Zuständigkeit außergerichtlicher Stellen. Nach Ansicht der Kommission könnte den Erben erlaubt werden, bestimmte Formalitäten bei außergerichtlichen Stellen wie etwa Notaren oder Bediensteten von Behörden in ihrer Nähe zu erledigen, wenn sie nicht an dem Ort wohnhaft sind, der durch die allgemeine Zuständigkeitsnorm bezeichnet wird.

Trusts. Da Erbsachen vom Anwendungsbereich der Verordnung (EG) Nr. 44/2001 ausgenommen sind, gibt es keine gemeinschaftsrechtlichen Zuständigkeitsvorschriften für Streitigkeiten wegen Trusts, die zur Regelung der Erbfolge errichtet worden sind („Erbschaftstrusts"). Welche Zuständigkeitsvorschriften sollten in der künftigen Gemeinschaftsregelung für „Erbschaftstrusts" vorgesehen werden?

Anerkennung und Vollstreckung. Die Kommission möchte die Abwicklung von Erbschaften erleichtern, indem sie die Anerkennung und Vollstreckung der zur Anerkennung der Erbenstellung notwendigen Urkunden und sonstigen Dokumente ermöglicht. Hierbei handelt es sich einerseits um die Anerkennung und Vollstreckung von gerichtlichen Entscheidungen, notariellen Urkunden und Testamenten und andererseits um die etwaige Anerkennung von Rechts wegen in sämtlichen Mitgliedstaaten.

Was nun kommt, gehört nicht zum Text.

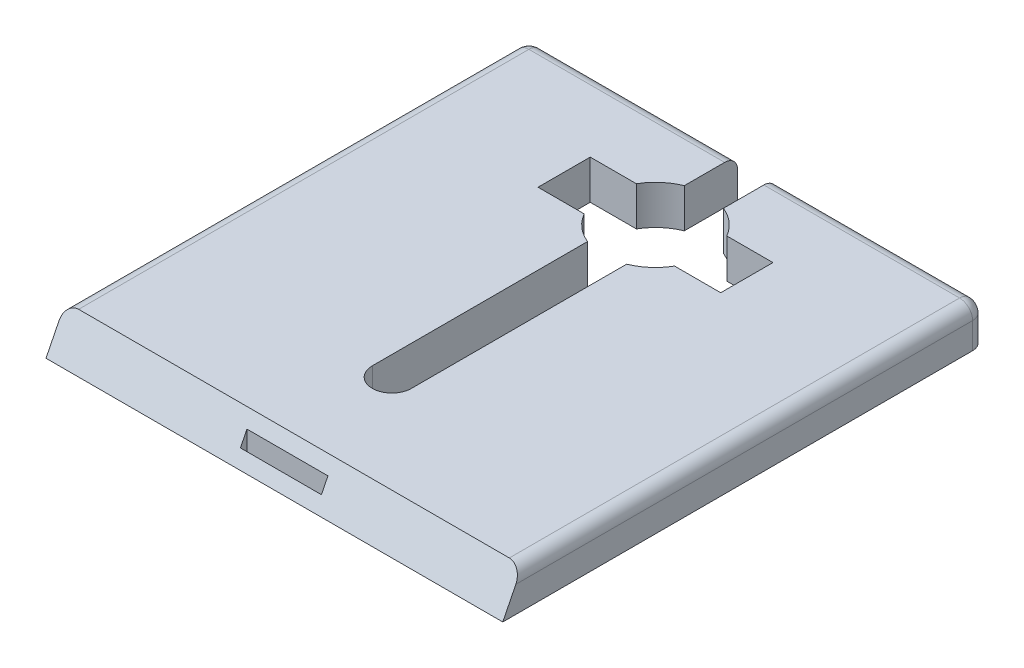
SolidWorks part; units mm, degrees
ref_plane "Ebene vorne" through (0, 0, 0) normal (0, 0, 1) x (1, 0, 0)
ref_plane "Ebene oben" through (0, 0, 0) normal (0, 1, 0) x (1, 0, 0)
ref_plane "Ebene rechts" through (0, 0, 0) normal (1, 0, 0) x (0, 0, -1)
sketch "Skizze1" plane through (0, 0, 0) normal (0, 1, 0) x (1, 0, 0)
  line L1 (-8.75, -9.25) -> (8.75, -9.25)
  line L2 (-8.75, -9.25) -> (-8.75, 9.25)
  line L3 (-8.75, 9.25) -> (8.75, 9.25)
  line L4 (8.75, -9.25) -> (8.75, 9.25)
  line L5 (-8.75, -9.25) -> (8.75, 9.25) construction
  line L6 (-8.75, 9.25) -> (8.75, -9.25) construction
  point P0 (0, 0)
  dimension "D1" = 18.5
  dimension "D2" = 17.5
extrude "Aufsatz-Linear austragen1" add sketch "Skizze1" along normal blind 1.5
fillet "Verrundung1" radius 0.5 3 edges at (8.75, 1.5, 0) (0, 1.5, -9.25) (-8.75, 1.5, 0)
sketch "Skizze2" plane through (-8.75, 0, 0) normal (-1, 0, 0) x (0, 0, 1)
  line L0 (9.25, 0) -> (8.5, 1.5)
  line L1 (-8.75, 1.5) -> (9.25, 1.5) construction
  line L2 (8.5, 1.5) -> (9.25, 1.5)
  line L3 (9.25, 1.5) -> (9.25, 0)
  dimension "D1" = 0.75
extrude "Schnitt-Linear austragen1" cut sketch "Skizze2" against normal up to surface (17.5 mm away) up to face at (8.75, 0.5, 0)
fillet "Verrundung2" radius 0.5 4 edges at (8.6036, 1.3536, -9.1036) (-8.6036, 1.3536, -9.1036) (8.75, 0.5, -9.25) (-8.75, 0.5, -9.25)
sketch "Skizze5" plane through (0, 1.5, 0) normal (0, 1, 0) x (1, 0, 0)
  line L0 (-8.75, 8.75) -> (-8.75, -9.25) construction
  line L1 (-3.5, 4.35) -> (3.5, 4.35)
  line L2 (-3.5, 4.35) -> (-3.5, 6.35)
  line L3 (-3.5, 6.35) -> (3.5, 6.35)
  line L4 (3.5, 4.35) -> (3.5, 6.35)
  line L5 (-3.5, 4.35) -> (3.5, 6.35) construction
  line L6 (-3.5, 6.35) -> (3.5, 4.35) construction
  line L7 (-8.25, 9.25) -> (8.25, 9.25) construction
  circle A0 centre (0, 5.35) radius 2
  dimension "D2" = 4
  dimension "D1" = 7
  dimension "D3" = 2
  dimension "D4" = 8.75
  dimension "D5" = 3.9
extrude "Schlüsselloch" cut sketch "Skizze5" against normal up to surface (1.5 mm away) contours A0 L3 L2 L1 | L3 A0 | L1 A0 L3 | L1 A0 | A0 L1 L4 L3 region at (-2.7046, 1.5, -5.35) region at (0, 1.5, -5.35) region at (0, 1.5, -3.94) region at (2.7046, 1.5, -5.35) region at (0, 1.5, -6.76) up to face at (0, 0, -2.9512)
sketch "Skizze6" plane through (0, 1.5, 0) normal (0, 1, 0) x (1, 0, 0)
  line L0 (8.25, -8.5) -> (-8.25, -8.5) construction
  line L1 (-1.5515, -9) -> (1.5515, -9)
  line L2 (-1.5515, -9) -> (-1.5515, -8.75)
  line L3 (-1.5515, -8.75) -> (1.5515, -8.75)
  line L4 (1.5515, -9) -> (1.5515, -8.75)
  line L5 (-1.5515, -9) -> (1.5515, -8.75) construction
  line L6 (-1.5515, -8.75) -> (1.5515, -9) construction
  line L7 (-8.75, -8.75) -> (-8.75, -9.25) construction
  point P0 (0, -8.875)
  dimension "D1" = 0.25
  dimension "D2" = 0.25
  dimension "D3" = 8.75
extrude "Griff" cut sketch "Skizze6" against normal up to surface (1.5 mm away) up to face at (0, 0, -5.35)
sketch "Skizze7" plane through (0, 1.5, 0) normal (0, 1, 0) x (1, 0, 0)
  line L5 (0, 9.25) -> (0, -4.75) construction
  line L6 (-8.25, 9.25) -> (8.25, 9.25) construction
  line L7 (0.75, 9.25) -> (0.75, -4.75)
  line L8 (-0.75, 9.25) -> (-0.75, -4.75)
  arc A0 (0.75, 9.25) -> (-0.75, 9.25) centre (0, 9.25) ccw
  arc A1 (-0.75, -4.75) -> (0.75, -4.75) centre (0, -4.75) ccw
  point P4 (0, 2.25)
  dimension "D1" = 14
  dimension "D2" = 1.5
extrude "Langloch_Antenne" cut sketch "Skizze7" against normal up to surface (1.5 mm away) up to face at (0, 0, 8.875)

ERLEICHTERUNG DER ADMINISTRATIVEN ABWICKLUNG VON ERBSCHAFTEN

Die Kommission möchte nicht nur die Anerkennungs- und Vollstreckungsvorschriften vereinfachen, sondern auch einen Europäischen Erbschein einführen, um die Erbringung des Nachweises der Erbenstellung zu erleichtern, ohne dass hierzu ein Verfahren angestrengt werden müsste. Zudem erwägt sie eine Registrierung der Testamente in allen Mitgliedstaaten, um die Suche nach Testamenten zu erleichtern, die oftmals schwierig ist, vor allem wenn sie im Ausland errichtet wurden.

Die Kommission stellt schließlich auch die Frage, ob sämtliche Förmlichkeiten im Zusammenhang mit der Legalisation oder der Anbringung der Apostille auf in einem Mitgliedstaat errichtete öffentliche erbrechtliche Urkunden aufgehoben werden könnten.